WHAT THIS TASK INVOLVES - Find the line in the entries below that contains "#1185 = VERTEX_POINT ( 'NONE', #25461 ) ;". Repeat it exactly, and every line after it through the line that contains "#4330 = EDGE_CURVE".

Excerpts from a dataset:
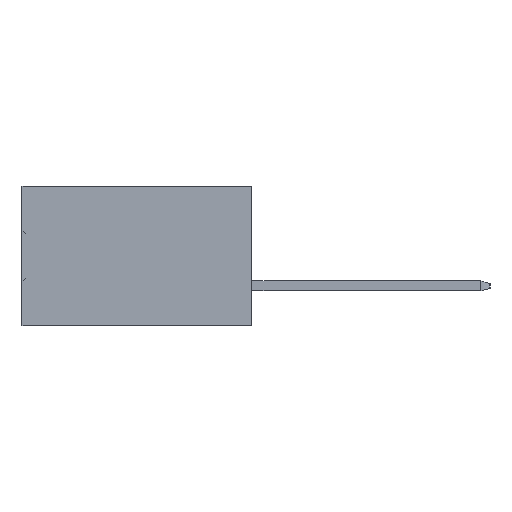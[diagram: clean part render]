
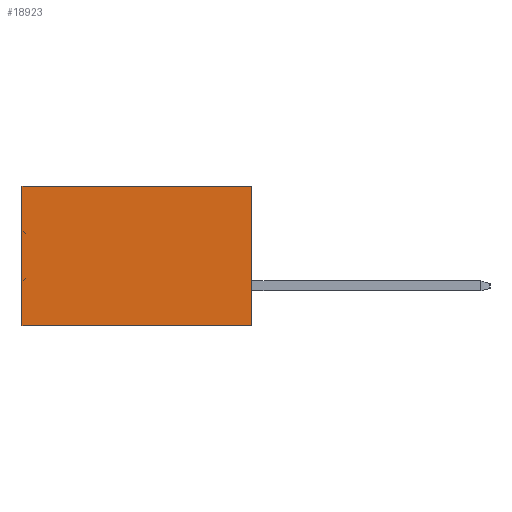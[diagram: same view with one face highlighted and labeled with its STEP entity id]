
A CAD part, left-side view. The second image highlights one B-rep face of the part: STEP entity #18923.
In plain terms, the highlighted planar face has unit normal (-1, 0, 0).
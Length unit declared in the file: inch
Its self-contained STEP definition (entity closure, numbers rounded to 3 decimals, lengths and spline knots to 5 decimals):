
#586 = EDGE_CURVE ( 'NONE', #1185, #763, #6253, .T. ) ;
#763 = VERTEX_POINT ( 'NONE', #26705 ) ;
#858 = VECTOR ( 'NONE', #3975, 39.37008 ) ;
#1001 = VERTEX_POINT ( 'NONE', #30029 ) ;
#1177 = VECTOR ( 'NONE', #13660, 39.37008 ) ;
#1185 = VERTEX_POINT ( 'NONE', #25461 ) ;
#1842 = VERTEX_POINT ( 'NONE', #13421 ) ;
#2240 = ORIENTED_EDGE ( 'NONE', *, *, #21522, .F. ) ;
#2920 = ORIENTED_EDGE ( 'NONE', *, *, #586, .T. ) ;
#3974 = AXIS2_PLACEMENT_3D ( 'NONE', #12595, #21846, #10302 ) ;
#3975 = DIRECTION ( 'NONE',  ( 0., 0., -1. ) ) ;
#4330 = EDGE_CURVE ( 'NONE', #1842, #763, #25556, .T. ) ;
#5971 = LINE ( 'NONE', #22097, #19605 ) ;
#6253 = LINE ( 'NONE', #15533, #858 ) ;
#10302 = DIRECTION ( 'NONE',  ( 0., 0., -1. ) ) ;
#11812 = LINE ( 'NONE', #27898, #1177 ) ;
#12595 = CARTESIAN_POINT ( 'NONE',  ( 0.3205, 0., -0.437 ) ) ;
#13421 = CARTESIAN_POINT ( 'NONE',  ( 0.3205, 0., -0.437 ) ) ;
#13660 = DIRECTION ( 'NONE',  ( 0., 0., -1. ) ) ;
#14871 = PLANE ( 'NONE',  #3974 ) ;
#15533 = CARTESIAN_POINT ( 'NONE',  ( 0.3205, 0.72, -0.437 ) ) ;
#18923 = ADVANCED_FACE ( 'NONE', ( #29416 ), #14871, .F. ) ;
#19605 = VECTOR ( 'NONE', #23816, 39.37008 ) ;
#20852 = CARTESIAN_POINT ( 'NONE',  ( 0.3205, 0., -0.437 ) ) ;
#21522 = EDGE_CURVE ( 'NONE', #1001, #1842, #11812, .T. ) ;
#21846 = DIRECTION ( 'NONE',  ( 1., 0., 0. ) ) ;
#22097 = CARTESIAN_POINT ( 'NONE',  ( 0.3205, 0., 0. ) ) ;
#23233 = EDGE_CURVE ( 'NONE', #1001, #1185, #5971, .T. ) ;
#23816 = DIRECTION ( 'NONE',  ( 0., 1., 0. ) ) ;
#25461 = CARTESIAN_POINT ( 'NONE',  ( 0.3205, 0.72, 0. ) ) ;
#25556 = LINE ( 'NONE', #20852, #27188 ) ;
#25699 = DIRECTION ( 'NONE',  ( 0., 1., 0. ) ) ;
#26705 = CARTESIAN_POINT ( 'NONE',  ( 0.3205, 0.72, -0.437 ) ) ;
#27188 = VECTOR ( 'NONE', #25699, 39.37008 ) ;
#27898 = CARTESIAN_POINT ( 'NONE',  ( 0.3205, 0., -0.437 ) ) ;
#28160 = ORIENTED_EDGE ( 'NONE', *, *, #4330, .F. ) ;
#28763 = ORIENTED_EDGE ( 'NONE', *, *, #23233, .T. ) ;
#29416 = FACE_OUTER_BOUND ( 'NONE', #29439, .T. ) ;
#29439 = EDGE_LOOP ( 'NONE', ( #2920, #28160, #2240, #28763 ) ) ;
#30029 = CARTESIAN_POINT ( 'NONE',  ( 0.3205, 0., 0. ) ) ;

WRITTEN SOLUTION -
#1185 = VERTEX_POINT ( 'NONE', #25461 ) ;
#1842 = VERTEX_POINT ( 'NONE', #13421 ) ;
#2240 = ORIENTED_EDGE ( 'NONE', *, *, #21522, .F. ) ;
#2920 = ORIENTED_EDGE ( 'NONE', *, *, #586, .T. ) ;
#3974 = AXIS2_PLACEMENT_3D ( 'NONE', #12595, #21846, #10302 ) ;
#3975 = DIRECTION ( 'NONE',  ( 0., 0., -1. ) ) ;
#4330 = EDGE_CURVE ( 'NONE', #1842, #763, #25556, .T. ) ;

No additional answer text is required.